▶ **Problem description**
Print, exactly as written, every line from the first line of the records below through the line containing "settings SimscapeCC: SimscapeLogSimulationStatistics=on", and nothing further.

(Data items)

________

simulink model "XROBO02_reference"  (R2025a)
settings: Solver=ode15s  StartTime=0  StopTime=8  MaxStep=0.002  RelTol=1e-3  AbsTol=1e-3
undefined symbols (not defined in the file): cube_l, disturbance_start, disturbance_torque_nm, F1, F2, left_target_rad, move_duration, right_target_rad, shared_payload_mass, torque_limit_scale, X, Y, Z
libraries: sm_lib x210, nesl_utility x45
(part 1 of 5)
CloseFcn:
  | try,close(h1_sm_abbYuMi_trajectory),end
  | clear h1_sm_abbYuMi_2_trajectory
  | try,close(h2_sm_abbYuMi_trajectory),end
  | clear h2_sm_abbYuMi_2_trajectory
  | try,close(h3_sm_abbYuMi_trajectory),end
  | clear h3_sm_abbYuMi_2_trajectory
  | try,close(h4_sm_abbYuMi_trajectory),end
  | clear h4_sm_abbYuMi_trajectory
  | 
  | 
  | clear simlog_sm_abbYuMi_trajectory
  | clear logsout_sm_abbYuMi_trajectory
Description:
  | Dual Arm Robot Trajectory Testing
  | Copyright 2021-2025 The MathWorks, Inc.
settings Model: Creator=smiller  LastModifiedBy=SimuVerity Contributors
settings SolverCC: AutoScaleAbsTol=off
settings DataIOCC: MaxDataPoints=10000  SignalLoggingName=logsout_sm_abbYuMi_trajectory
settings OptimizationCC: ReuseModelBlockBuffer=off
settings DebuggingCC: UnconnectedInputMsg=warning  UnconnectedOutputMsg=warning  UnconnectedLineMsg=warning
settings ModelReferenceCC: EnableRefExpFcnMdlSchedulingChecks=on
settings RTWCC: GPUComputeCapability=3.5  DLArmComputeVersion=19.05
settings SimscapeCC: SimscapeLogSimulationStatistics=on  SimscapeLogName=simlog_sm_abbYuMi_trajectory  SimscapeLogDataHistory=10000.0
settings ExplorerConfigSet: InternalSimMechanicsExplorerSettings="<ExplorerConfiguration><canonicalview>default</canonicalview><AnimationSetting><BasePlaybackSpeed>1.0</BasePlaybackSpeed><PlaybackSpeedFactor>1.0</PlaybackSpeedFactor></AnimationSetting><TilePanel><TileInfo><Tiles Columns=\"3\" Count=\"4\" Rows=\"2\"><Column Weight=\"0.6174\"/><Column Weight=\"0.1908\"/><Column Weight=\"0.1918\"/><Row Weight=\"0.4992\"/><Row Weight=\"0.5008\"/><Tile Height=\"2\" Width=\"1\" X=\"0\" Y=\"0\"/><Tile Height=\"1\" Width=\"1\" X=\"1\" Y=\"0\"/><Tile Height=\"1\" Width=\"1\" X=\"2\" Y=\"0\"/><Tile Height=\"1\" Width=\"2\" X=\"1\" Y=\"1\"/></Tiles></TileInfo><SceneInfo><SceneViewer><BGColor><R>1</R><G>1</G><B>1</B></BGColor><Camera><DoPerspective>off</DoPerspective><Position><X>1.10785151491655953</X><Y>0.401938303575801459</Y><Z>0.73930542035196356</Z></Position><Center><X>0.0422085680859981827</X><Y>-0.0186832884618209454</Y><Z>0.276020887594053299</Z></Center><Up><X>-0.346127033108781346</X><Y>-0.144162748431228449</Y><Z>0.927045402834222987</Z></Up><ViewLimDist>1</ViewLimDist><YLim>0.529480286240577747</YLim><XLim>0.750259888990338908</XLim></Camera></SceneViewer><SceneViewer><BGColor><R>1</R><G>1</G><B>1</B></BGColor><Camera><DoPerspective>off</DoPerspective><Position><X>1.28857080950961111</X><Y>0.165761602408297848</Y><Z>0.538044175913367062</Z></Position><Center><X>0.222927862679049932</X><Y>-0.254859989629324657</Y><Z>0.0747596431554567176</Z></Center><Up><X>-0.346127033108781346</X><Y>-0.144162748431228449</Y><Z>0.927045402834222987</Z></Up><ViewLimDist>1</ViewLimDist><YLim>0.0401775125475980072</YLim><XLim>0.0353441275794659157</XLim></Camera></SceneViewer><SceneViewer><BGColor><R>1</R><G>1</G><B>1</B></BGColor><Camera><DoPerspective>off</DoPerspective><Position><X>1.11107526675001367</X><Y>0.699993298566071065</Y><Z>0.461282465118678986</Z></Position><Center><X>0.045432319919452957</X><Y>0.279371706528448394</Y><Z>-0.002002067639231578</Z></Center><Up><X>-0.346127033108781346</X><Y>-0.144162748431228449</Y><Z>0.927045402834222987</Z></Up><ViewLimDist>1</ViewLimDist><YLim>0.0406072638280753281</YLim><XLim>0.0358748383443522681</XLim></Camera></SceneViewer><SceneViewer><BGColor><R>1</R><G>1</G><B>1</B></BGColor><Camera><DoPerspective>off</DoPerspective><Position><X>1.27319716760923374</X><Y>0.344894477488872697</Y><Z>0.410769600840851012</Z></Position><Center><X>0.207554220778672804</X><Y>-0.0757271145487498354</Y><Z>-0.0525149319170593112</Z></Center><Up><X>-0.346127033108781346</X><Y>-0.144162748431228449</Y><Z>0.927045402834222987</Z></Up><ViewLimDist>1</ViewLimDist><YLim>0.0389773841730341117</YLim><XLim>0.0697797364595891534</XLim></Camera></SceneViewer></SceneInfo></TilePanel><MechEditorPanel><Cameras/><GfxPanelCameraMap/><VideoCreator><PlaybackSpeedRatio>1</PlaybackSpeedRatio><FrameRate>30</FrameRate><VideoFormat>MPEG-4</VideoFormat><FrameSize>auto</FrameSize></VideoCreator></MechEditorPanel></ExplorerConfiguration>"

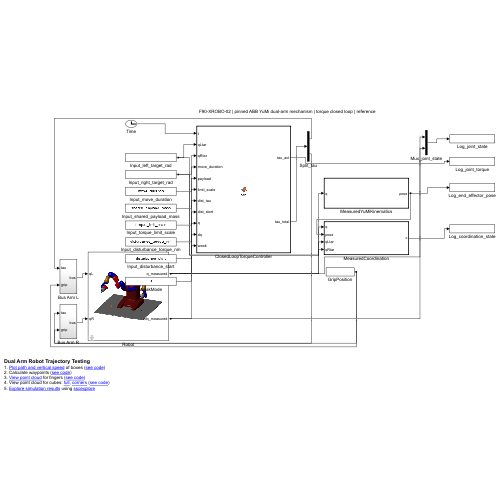
[thumbnail: Simulink's stored preview of the top-level diagram]
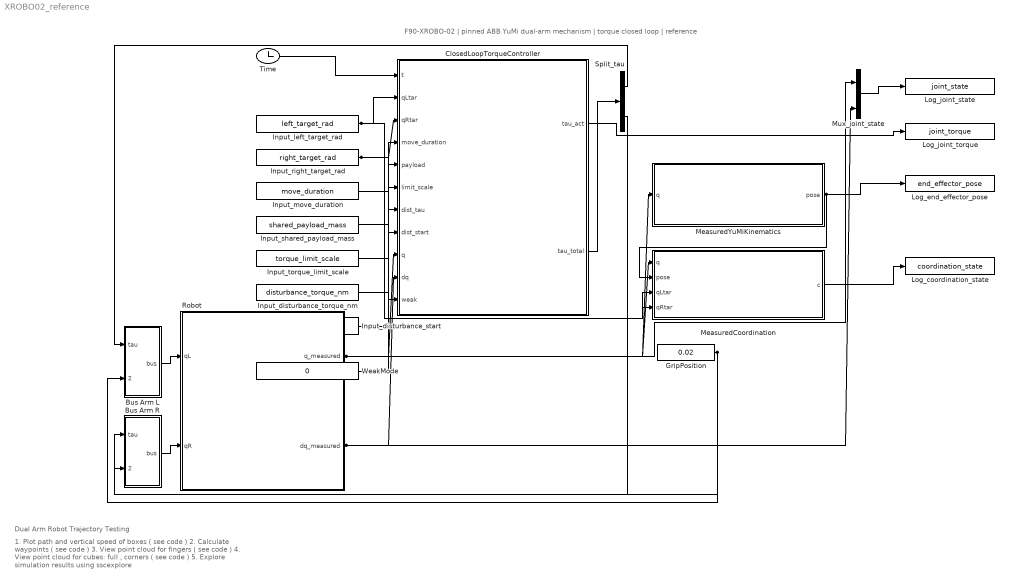
== system XROBO02_reference ==
  note: Dual Arm Robot Trajectory Testing
  note: 1. Plot path and vertical speed of boxes ( see code )
      | 2. Calculate waypoints ( see code )
      | 3. View point cloud for fingers ( see code )
      | 4. View point cloud for cubes: full , corners ( see code )
      | 5. Explore simulation results using sscexplore
  note: F90-XROBO-02 | pinned ABB YuMi dual-arm mechanism | torque closed loop | reference
  Bus Arm L : Subsystem
  Bus Arm R : Subsystem
  ClosedLoopTorqueController : MATLAB Function  TreatAsAtomicUnit=on
  GripPosition : Constant  Value=0.02
  Input_disturbance_start : Constant  Value=disturbance_start
  Input_disturbance_torque_nm : Constant  Value=disturbance_torque_nm
  Input_left_target_rad : Constant  Value=left_target_rad
  Input_move_duration : Constant  Value=move_duration
  Input_right_target_rad : Constant  Value=right_target_rad
  Input_shared_payload_mass : Constant  Value=shared_payload_mass
  Input_torque_limit_scale : Constant  Value=torque_limit_scale
  Log_coordination_state : ToWorkspace  VariableName=coordination_state  SaveFormat=Timeseries  SampleTime=-1
  Log_end_effector_pose : ToWorkspace  VariableName=end_effector_pose  SaveFormat=Timeseries  SampleTime=-1
  Log_joint_state : ToWorkspace  VariableName=joint_state  SaveFormat=Timeseries  SampleTime=-1
  Log_joint_torque : ToWorkspace  VariableName=joint_torque  SaveFormat=Timeseries  SampleTime=-1
  MeasuredCoordination : MATLAB Function  TreatAsAtomicUnit=on
  MeasuredYuMiKinematics : MATLAB Function  TreatAsAtomicUnit=on
  Mux_joint_state : Mux  Inputs=2
  Robot : Subsystem  mask(Dual Arm Robot with Contact Forces){k_gripBox=1e3, k_boxBox=1e3, k_boxFloor=1e3, d_gripBox=1e2, d_boxBox=1e2, d_boxFloor=1e2, t_gripBox=1e-3, t_boxBox=1e-3, t_boxFloor=1e-3, mu_s_gripBox=0.7, mu_s_boxBox=0.5, mu_s_boxFloor=0.5, mu_d_gripBox=0.5, mu_d_boxBox=0.3, mu_d_boxFloor=0.3, mu_v_gripBox=1e-3, mu_v_boxBox=1e-3, mu_v_boxFloor=1e-3}
      mask help: Models a dual-arm robot. Parameter values define the contact and friction forces between the gripper, boxes, and floor.
      mask DialogControl Control2_copy_copy_copy_copy_copy_copy_copy Prompt: Gripper-Box
      mask DialogControl Control2_copy_copy_copy_copy_copy_copy_copy_copy Prompt: Box-Box
      mask DialogControl Control2_copy_copy_copy_copy_copy_copy_copy_copy_copy Prompt: Box-Floor
      mask DialogControl Control2_copy_copy_copy_copy_copy_copy Prompt: Damping (N/(m/s))
      mask DialogControl Control2_copy Prompt: Damping (N/(m/s))
      mask DialogControl Control2_copy_copy Prompt: Transition Width (m)
      mask DialogControl Control2_copy_copy_copy Prompt: Static Friction (0-1)
      mask DialogControl Control2_copy_copy_copy_copy Prompt: Dynamic Friction (0-1)
      mask DialogControl Control2_copy_copy_copy_copy_copy Prompt: Critical Velocity (m/s)
      mask Display: image('sm_abbYuMi_trajectory_robot.png');
  Split_tau : Demux  Outputs=[7 7]
  Time : Clock
  WeakMode : Constant  Value=0
  wires:
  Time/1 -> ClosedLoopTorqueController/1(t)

________

▶ **Written solution**
simulink model "XROBO02_reference"  (R2025a)
settings: Solver=ode15s  StartTime=0  StopTime=8  MaxStep=0.002  RelTol=1e-3  AbsTol=1e-3
undefined symbols (not defined in the file): cube_l, disturbance_start, disturbance_torque_nm, F1, F2, left_target_rad, move_duration, right_target_rad, shared_payload_mass, torque_limit_scale, X, Y, Z
libraries: sm_lib x210, nesl_utility x45
(part 1 of 5)
CloseFcn:
  | try,close(h1_sm_abbYuMi_trajectory),end
  | clear h1_sm_abbYuMi_2_trajectory
  | try,close(h2_sm_abbYuMi_trajectory),end
  | clear h2_sm_abbYuMi_2_trajectory
  | try,close(h3_sm_abbYuMi_trajectory),end
  | clear h3_sm_abbYuMi_2_trajectory
  | try,close(h4_sm_abbYuMi_trajectory),end
  | clear h4_sm_abbYuMi_trajectory
  | 
  | 
  | clear simlog_sm_abbYuMi_trajectory
  | clear logsout_sm_abbYuMi_trajectory
Description:
  | Dual Arm Robot Trajectory Testing
  | Copyright 2021-2025 The MathWorks, Inc.
settings Model: Creator=smiller  LastModifiedBy=SimuVerity Contributors
settings SolverCC: AutoScaleAbsTol=off
settings DataIOCC: MaxDataPoints=10000  SignalLoggingName=logsout_sm_abbYuMi_trajectory
settings OptimizationCC: ReuseModelBlockBuffer=off
settings DebuggingCC: UnconnectedInputMsg=warning  UnconnectedOutputMsg=warning  UnconnectedLineMsg=warning
settings ModelReferenceCC: EnableRefExpFcnMdlSchedulingChecks=on
settings RTWCC: GPUComputeCapability=3.5  DLArmComputeVersion=19.05
settings SimscapeCC: SimscapeLogSimulationStatistics=on  SimscapeLogName=simlog_sm_abbYuMi_trajectory  SimscapeLogDataHistory=10000.0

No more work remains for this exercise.